The Runaway Scrape

The Runaway Scrape



Sam Houston probably knew that the Alamo had fallen before Suzanna Dickinson reached Gonzales. Mrs. Dickinson arrived in Gonzales at dusk on March 13, 1836 and revealed the tragic story of the battle of the Alamo. Texas was now in the hands of Houston and the Texas Army at Gonzales. Sam Houston decided to retreat to the east, around midnight the order was given and the Runaway Scrape begun. The event is not well documented but are some firsthand accounts.


Texas State Archives:

Mrs. Almeron Dickinson reached Gonzales with the tragic news, when she was instantly surrounded by the mothers, wives and sweethearts of the gallant Thirty-two. "Oh, Sue, they cried, are you sure? What did they say? Did he have any last message for me?"

"All dead, all dead," was all that Mrs. Dickinson could say, but to Mrs.Gaston (Rebecca Davis), she revealed her boy's last hour. "I saw Johnny, during the very height of the battle. He came to me in the Alamo church room where I was, both jaws broken, trying to tell me something. I could not understand, and then he pressed his jaws together, but still I could not understand, and he went back into the hailstorm of bullets, a hero, Mrs. Gaston, a hero."


Major Heard:

"I arrived at Gonzales 6th March, 1836. Some four or five days after I got there, General Houston arrived. On the 13th, Mrs. Dickinson and a negro boy belonging to Col. Travis arrived in camp, bringing the first reliable information of the fall of the Alamo. On the night of the 13th, about the time the men were preparing their nights repast, Gen. Houston came down and ordered the horses to be got up, and the fires put out; after which such a scramble and confusion commenced as I had never witnessed. About 10 oÕclock at night we were ordered to move, by whom I do not recollect; As to guards, we had none; there was no order or regularity in the retreat from there to Peach Creek, ten miles east.

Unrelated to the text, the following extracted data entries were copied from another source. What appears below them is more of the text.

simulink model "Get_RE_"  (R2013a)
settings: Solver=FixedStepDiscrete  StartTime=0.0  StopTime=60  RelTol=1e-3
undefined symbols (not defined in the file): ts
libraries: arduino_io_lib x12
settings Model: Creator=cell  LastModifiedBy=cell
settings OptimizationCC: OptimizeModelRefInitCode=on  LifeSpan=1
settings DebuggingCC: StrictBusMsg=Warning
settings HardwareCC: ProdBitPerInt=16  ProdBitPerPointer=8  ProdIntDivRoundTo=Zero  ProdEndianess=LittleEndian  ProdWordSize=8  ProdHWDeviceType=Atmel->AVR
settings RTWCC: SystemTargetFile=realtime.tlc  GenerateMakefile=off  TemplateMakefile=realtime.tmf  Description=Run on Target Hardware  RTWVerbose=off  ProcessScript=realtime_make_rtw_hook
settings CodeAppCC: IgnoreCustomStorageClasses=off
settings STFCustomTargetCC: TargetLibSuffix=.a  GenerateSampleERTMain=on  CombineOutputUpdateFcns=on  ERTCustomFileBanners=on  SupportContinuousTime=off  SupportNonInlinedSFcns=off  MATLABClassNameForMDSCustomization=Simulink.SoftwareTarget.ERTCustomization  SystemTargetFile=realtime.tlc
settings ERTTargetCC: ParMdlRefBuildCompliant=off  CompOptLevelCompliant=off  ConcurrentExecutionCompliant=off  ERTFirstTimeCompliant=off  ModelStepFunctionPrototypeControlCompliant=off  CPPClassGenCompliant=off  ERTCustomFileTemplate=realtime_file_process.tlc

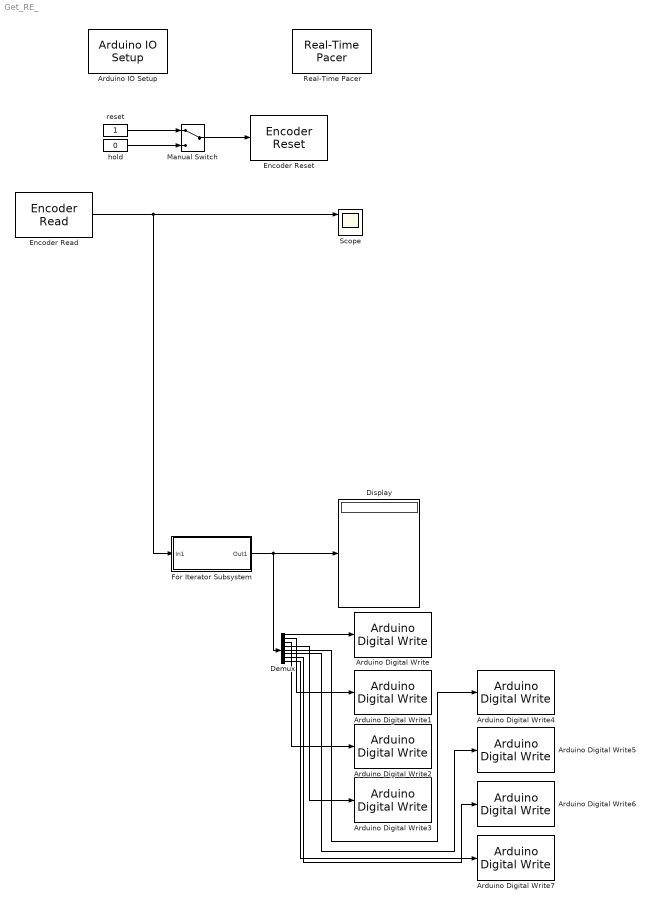
== system Get_RE_ ==
  Arduino Digital Write : arduino_io_lib/Arduino Digital Write  arduinoVar=Existing workspace arduino variable #1  arduinoPin=6  T=ts
  Arduino Digital Write1 : arduino_io_lib/Arduino Digital Write  arduinoVar=Existing workspace arduino variable #1  arduinoPin=7  T=ts
  Arduino Digital Write2 : arduino_io_lib/Arduino Digital Write  arduinoVar=Existing workspace arduino variable #1  arduinoPin=8  T=ts
  Arduino Digital Write3 : arduino_io_lib/Arduino Digital Write  arduinoVar=Existing workspace arduino variable #1  arduinoPin=9  T=ts
  Arduino Digital Write4 : arduino_io_lib/Arduino Digital Write  arduinoVar=Existing workspace arduino variable #1  arduinoPin=10  T=ts
  Arduino Digital Write5 : arduino_io_lib/Arduino Digital Write  arduinoVar=Existing workspace arduino variable #1  arduinoPin=11  T=ts
  Arduino Digital Write6 : arduino_io_lib/Arduino Digital Write  arduinoVar=Existing workspace arduino variable #1  arduinoPin=12  T=ts
  Arduino Digital Write7 : arduino_io_lib/Arduino Digital Write  arduinoVar=Existing workspace arduino variable #1  arduinoPin=13  T=ts
  Arduino IO Setup : arduino_io_lib/Arduino IO Setup  Priority=3  arduinoVar=Existing workspace arduino variable #1  workspaceVarName=a  comPort=DEMO
  Demux : Demux  Outputs=8
  Display : Display
  Encoder Read : arduino_io_lib/Encoder Read  arduinoVar=Existing workspace arduino variable #1  encNum=1  pinA=2  pinB=3  DbDl=0  T=ts
  Encoder Reset : arduino_io_lib/Encoder Reset  arduinoVar=Existing workspace arduino variable #1  encNum=1  T=ts
  For Iterator Subsystem : Subsystem  TreatAsAtomicUnit=on  mask{bits=8}
      mask prompts: bits "ビット数"
      mask Display: disp('Integer To Bit\nConvertor')
  Manual Switch : ManualSwitch
  Real-Time Pacer : arduino_io_lib/Real-Time Pacer  simTimePerRealTime=1
  Scope : Scope  NumInputPorts=3
      settings: TimeRange=10  YMin=-200~-100~0  YMax=700~100~3.75
  hold : Constant  Value=0
  reset : Constant
  wires:
  reset/1 -> Manual Switch/1
  hold/1 -> Manual Switch/2
  Manual Switch/1 -> Encoder Reset/1
  Encoder Read/1 -> For Iterator Subsystem/1(In1), Scope/1
  For Iterator Subsystem/1(Out1) -> Demux/1, Display/1
  Demux/1 -> Arduino Digital Write/1
  Demux/2 -> Arduino Digital Write1/1
  Demux/3 -> Arduino Digital Write2/1
  Demux/4 -> Arduino Digital Write3/1
  Demux/5 -> Arduino Digital Write4/1
  Demux/6 -> Arduino Digital Write5/1
  Demux/7 -> Arduino Digital Write6/1
  Demux/8 -> Arduino Digital Write7/1

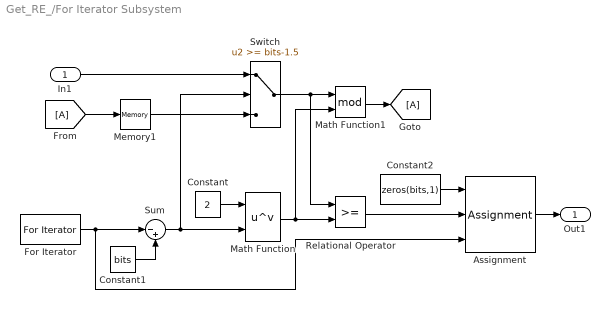
== system Get_RE_/For Iterator Subsystem ==
  In1 : Inport
  Assignment : Assignment  IndexOptions=Index vector (port)  Indices=1  OutputSizes=[1 1]
  Constant : Constant  Value=2
  Constant1 : Constant  Value=bits
  Constant2 : Constant  Value=zeros(bits,1)  VectorParams1D=off
  For Iterator : ForIterator  IterationLimit=bits
  Math Function : Math  Operator=pow  SaturateOnIntegerOverflow=on
  Math Function1 : Math  Operator=mod  SaturateOnIntegerOverflow=on
  Memory1 : Memory  InheritSampleTime=on
  Relational Operator : RelationalOperator  OutDataTypeStr=float('double')
  Sum : Sum  Inputs=|-+
  Switch : Switch  Threshold=bits-1.5
  Out1 : Outport
  wires:
  For Iterator/1 -> Sum/1, Assignment/3
  Constant/1 -> Math Function/1
  Sum/1 -> Math Function/2, Switch/2
  Constant1/1 -> Sum/2
  Math Function/1 -> Math Function1/2, Relational Operator/2
  Switch/1 -> Math Function1/1, Relational Operator/1
  In1/1 -> Switch/1
  Memory1/1 -> Switch/3
  Assignment/1 -> Out1/1
  Constant2/1 -> Assignment/1
  Relational Operator/1 -> Assignment/2
  [A] -> Memory1/1
  Math Function1/1 -> [A]

The town of Gonzales was burnt; by whose order I do not know, but believe it was by Gen. Houston's for the reason that it was generally talked of and believed so to be in camp. Captain Bird Lockhart, who arrived in Gonzales on the morning of the 14th, when it was on fire, told me that the men who were setting fire to the houses said they were left there by Gen. Houston, to burn the town and gather up the horses. Some of the women and children had started before we did; some started with us, and we left others crying and screaming in the town. Some we passed on the road that night between Gonzales and Peach Creek.

W. E. Heard

*The Quarterly April 1901


Kuykendall's Recollection of the Campaign:

Accordingly, about eleven o'clock, it was announced that all were in readiness to march. We were formed four deep and at the command, "Forward! March!" commenced their memorable retreat. The night was warm, but so dark as to constrain the army to move at a very moderate pace. Silent, and, indeed, solemn was the march. As we passed through the streets of Gonzales, we noticed great lights in the houses and the people packing up their household effect in all possible haste.

A man came out on the piazza and said (addressing the army), "In the name of God, gentlemen, I hope you are not going to leave the families behind!" Some one in our ranks answered, "O yes, we are all looking out for number one." In another minute we had emerged from the illuminated street and were again "covered with darkness as with a pall." Although most of our men were accustomed to service, very few had ever served as footmen until this campaign or borne such burdens as were imposed on them that night. A mile or two east of Gonzales the road entered an extensive post-oak forest and was in some places quite sandy, which greatly increased the fatigue of the march. Many men became leg-weary, left the ranks and lay down at the roadside to rest.

About an hour before day, having felt our way to McClure's, on the east side of Peach creek (ten or eleven miles from Gonzales), we were halted and ordered to lie down on our arms. Never was an order more promptly obeyed. Many of the men did not take time to spread their blankets, but lay down on the bare ground with their knapsacks under their heads, and were almost instantly asleep. In the meantime, a brilliant light shot up far above the western horizon. This phenomenon was caused by the conflagration of the town of Gonzales. After an hourÕs repose, we were aroused. By this time many of the families of Gonzales had overtaken the army and paused for rest and refreshment.